DE LOS PRINCIPADOS MIXTOS

De suerte que los principados nuevos están erizados de dificultades. Y cuando no son completamente nuevos, sino cuerpos incorporados a otra soberanía, que por eso mismo puede llamarse mixta, las dificultades nacen sobre todo de una dificultad natural, común a todos los principados nuevos, porque creyendo mejorar los hombres cambian de señor, creencia que les hace empuñar las armas contra el gobernante, lo cual es un notorio engaño, porque la experiencia les dice luego que han empeorado su suerte.

Cosa que procede, si bien se mira, de esa necesidad completamente natural y ordinaria que obliga siempre al príncipe a vejar a sus vasallos nuevos, bien con la permanencia de tropas, bien con las molestias infinitas que lleva consigo la conquista. De modo que se truecan en enemigos todos aquellos a quienes lesiona en sus intereses la ocupación del principado, dejando, al mismo tiempo también, de ser amigos los que le dieron el señorío, porque no les es posible alcanzar las esperanzas que pusieron en él y porque el príncipe, aun estándoles reconocido, tiene que emplear contra ellos medidas de violencia, ya que, por poderoso que sea un ejército de que disponga un príncipe, necesita de la buena voluntad de los naturales para ocupar un Estado. Por eso, el rey de Francia Luis XII perdió el Estado de Milán cen la misma rapidez con que lo había ganado, bastando para arrojarle de él los soldados de Luis Sforza, porque el príncipe nuevo se hizo odioso a los mismos pueblos que le habían abierto sus puertas de par en par, viendo burladas las esperanzas que habían puesto en el cambio de príncipe.

Cierto es, sin embargo, que conquistados por segunda vez los países que se rebelan, es más difícil perderlos luego, porque la rebelión da ocasión al señor para emplear sin escrúpulos los medios de asegurar su dominio, castigando a los que delinquen, vigilando a los sospechosos y atendiendo a fortificar y guarnecer los puestos más difíciles y descuidados. Así es que si para que perdiese Francia por primera vez el ducado de Milán bastó que el duque Sforza alborotase en las fronteras del ducado, fué preciso para perderlo la segunda que el duque recibiese el auxilio de todo el mundo para batir a los ejércitos franceses y arrojarlos de Italia. Diferencia que nace de las causas que ya expusimos.

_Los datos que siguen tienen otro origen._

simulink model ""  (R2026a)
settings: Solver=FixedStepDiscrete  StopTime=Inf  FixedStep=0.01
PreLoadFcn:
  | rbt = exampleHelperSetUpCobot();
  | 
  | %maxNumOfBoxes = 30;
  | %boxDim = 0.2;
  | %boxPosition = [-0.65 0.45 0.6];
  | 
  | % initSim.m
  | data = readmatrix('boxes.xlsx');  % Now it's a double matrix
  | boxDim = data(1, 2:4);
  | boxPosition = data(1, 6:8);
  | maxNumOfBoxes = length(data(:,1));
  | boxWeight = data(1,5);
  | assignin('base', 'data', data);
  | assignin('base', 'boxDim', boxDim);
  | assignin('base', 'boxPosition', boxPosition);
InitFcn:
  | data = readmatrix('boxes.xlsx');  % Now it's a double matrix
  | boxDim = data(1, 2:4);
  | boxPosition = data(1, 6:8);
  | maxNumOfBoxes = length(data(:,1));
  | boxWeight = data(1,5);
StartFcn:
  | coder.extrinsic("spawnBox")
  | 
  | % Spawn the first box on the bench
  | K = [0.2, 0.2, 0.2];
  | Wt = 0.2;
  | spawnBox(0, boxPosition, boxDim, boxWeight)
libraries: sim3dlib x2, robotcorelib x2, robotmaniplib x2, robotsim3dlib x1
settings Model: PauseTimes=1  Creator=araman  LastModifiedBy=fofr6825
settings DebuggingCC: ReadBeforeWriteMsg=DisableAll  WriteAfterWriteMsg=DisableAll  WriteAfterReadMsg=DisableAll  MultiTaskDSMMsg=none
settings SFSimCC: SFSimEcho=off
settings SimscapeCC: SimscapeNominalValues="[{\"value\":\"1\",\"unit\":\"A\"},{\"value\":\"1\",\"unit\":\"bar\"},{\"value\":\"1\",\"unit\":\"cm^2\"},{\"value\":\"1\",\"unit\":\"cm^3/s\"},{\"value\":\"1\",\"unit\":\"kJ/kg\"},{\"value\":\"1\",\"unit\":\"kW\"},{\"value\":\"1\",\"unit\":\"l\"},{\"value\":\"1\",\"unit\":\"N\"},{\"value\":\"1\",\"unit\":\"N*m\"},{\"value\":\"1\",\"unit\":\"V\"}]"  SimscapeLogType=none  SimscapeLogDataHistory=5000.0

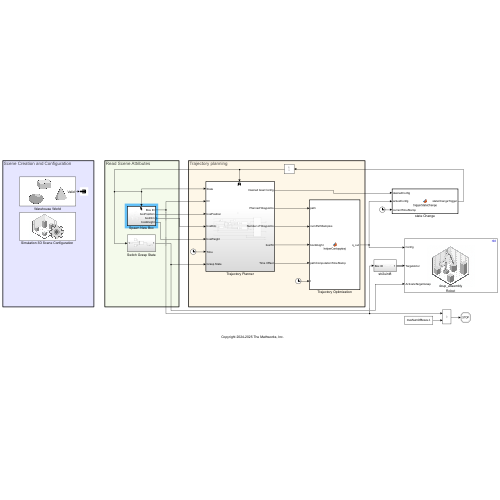
[thumbnail: Simulink's stored preview of the top-level diagram]
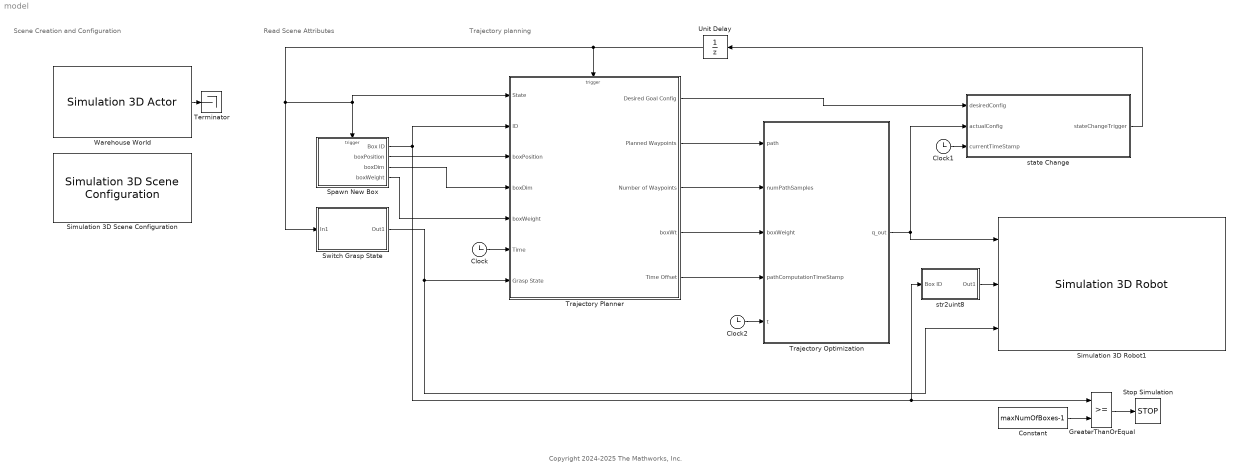
== system model ==
  note: Copyright 2024-2025 The Mathworks, Inc.
  note: Trajectory planning
  note: Scene Creation and Configuration
  note: Read Scene Attributes
  Clock : Clock
  Clock1 : Clock
  Clock2 : Clock
  Constant : Constant  Value=maxNumOfBoxes-1
  GreaterThanOrEqual : RelationalOperator  OutDataTypeStr=boolean  RndMeth=Simplest  InputSameDT=off
  Simulation 3D Robot1 : robotsim3dlib/Simulation 3D Robot  actorInputType=RigidBodyTree Object  RigidBodyTree=rbt  ActorName=Robot  existActorChekBox=off  initialTrans=[0 0 0]  initialRot=[0 0 0]  initialConfig="[2.8471   -1.6598    2.1329    4.2393   -1.5708    4.4179]"  EndEffector=4cup_assembly  eeOffsetInpChekBox=off  eeTargetTrans=[0 -0.2 0]  eeTargetRot=[0 0 0]  enableRegionGraspChekBox=off  regionGraspInpChekBox=off  eeTargTransDiff=[0.2 0.2 0.2]  eeTargRotDiff=[0 0 0]  enableVisualVisualization=on  enableCollisionVisualization=off  collisionGeomColor=[0 1 0]  collisionGeomTransp=0.1  inpConfEnbVal=on  inpGraspEnbVal=on  inpTransEnbVal=off  outConfEnbVal=off  outGraspEnbVal=off  outTransEnbVal=off  SampleTime=-1  ActorType=SimulinkVehicle  ID=C  aMode=6  ActorTag=Robot  Mesh=RigidBodyTree
  "Simulation 3D Scene Configuration " : sim3dlib/Simulation 3D Scene Configuration  Priority=0  ProjectFormat=Default Scenes  SceneDesc=Empty scene  ProjectName=C:\Program Files\MATLAB\R2026a\toolbox\shared\sim3d_projects\automotive_project_windows\UE\WindowsNoEditor\VehicleSimulation.exe  ScenePath=/Game/Maps/EmptyScene  EnableOpenDRIVE=off  vehTagList={'Custom';'Robot';'Scene Origin';'Warehouse'}  vehTag=Robot  AttachedCameraRelativeTranslation=[0 0 0]  FreeCameraDefaultInitialTranslation=[-6, 0, 2]  AttachedCameraRelativeRotation=[0 0 0]  FreeCameraDefaultInitialRotation=[0, -15, 0]  ViewpointName=Custom  FreeCameraInitialTranslation=[0, 0, 5]  FreeCameraInitialRotation=[0, -90, 0]  OpVisEn=off  Ts=0.02  EnableWindow=on  EnableRemoteAccess=off  SimulationMode=CoSimulation  SimulateUsing=Interpreted execution  EnableAnimationRecording=off  OverrideDefaultRecording=off  AnimationRecordingFileName=sim3dAnimation.mat  AnimationRecordingInterval=[0 inf]  EnableWeather=off  SunAzimuth=90  SunAltitude=40.0  EnableGeospatialSun=off  Latitude=0  Longitude=0  Date=2023-01-01  Time=10:30:00  GeoTimeZone=-5.0  SunDaylightSaving=off  wind=1  clouds=10  EnableVolumetricClouds=off  CloudCoverage=0  CloudAltitude=6  fog=0  rain=0  RaindropsEffect=off  SnowDensity=0  EnableGeospatial=off  TilesetSource=Earth terrain  UseTrueOrigin=off  OriginHeight=200  OriginLatitude=40.744652  OriginLongitude=-73.988864  MapStyle=Aerial  AdditionalAssetIDs=[]  UseAdvancedSunSky=off  SolarTime=11  TimeZone=-5  Day=21  Month=9  Year=2022  UseDaylightSavingTime=on  DSTStartDay=10  DSTStartMonth=3  DSTEndDay=3  DSTEndMonth=11  DSTSwitchHour=2  sensorTag=MainCamera2  sensorId=2  sensorName=MainCamera2  mountLoc=Origin  offsetFlag=off  tmountOffset=[0, 0, 0]  rmountOffset=[0, 0, 0]  HorizontalResolution=1280  VerticalResolution=720  HorizontalFOV=60  mountPoint=[0 0 0]  mountOrientation=[0 0 0]  aMode=6  ID=2  GeoTrigger=Inactive  ViewNameList={'Custom'}  ViewTranslationList={'[0 0 5]'}  ViewRotationList={'[0 -90 0]'}
      settings: LibrarySourceBlock=robotsim3dlib/Simulation 3D Scene Configuration
  Spawn New Box : Subsystem  TreatAsAtomicUnit=on
  Stop Simulation : Stop
  Switch Grasp State : Subsystem
  Terminator : Terminator
  Trajectory Optimization : MATLAB Function  TreatAsAtomicUnit=on
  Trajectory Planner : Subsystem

Pero lo mismo la primera que la segunda vez fué lanzado de Milán el nuevo señor. Como ya indicamos las causas generales por las cuales perdió el ducado la primera vez, tenemos que explicar ahora las que produjeron igual efecto la segunda, así como los remedios que tenía en su mano el rey francés-y tiene cualquiera que se hallare en el caso de este rey-para mantenerse en la tierra conquistada, sin perderla, como la perdió Francia en esta ocasión.

Los Estados que al ser conquistados se agregan a otro Estado antiguo del conquistador, o son de la misma comarca y de la misma lengua, o son de lengua y de comarca diferentes. En el primer caso se conservan muy fácilmente, sobre todo si no están acostumbrados a vivir en libertad. Para poseerlos con alguna seguridad, basta extinguir la dinastía de príncipes que tuvieron al frente de sus destinos; conservándoles en todo lo demás con arreglo a sus antiguas tradiciones y no imponiéndoles novedad alguna en las costumbres, saben vivir estos pueblos quietamente. Así ha sucedido, por lo visto, con Borgoña, Bretaña, Gascuña y Normandía, unidas a Francia desde hace tanto tiempo, pues aunque haya alguna diferencia en la lengua, las costumbres son muy parecidas y casan y conciertan fácilmente las de estos pueblos.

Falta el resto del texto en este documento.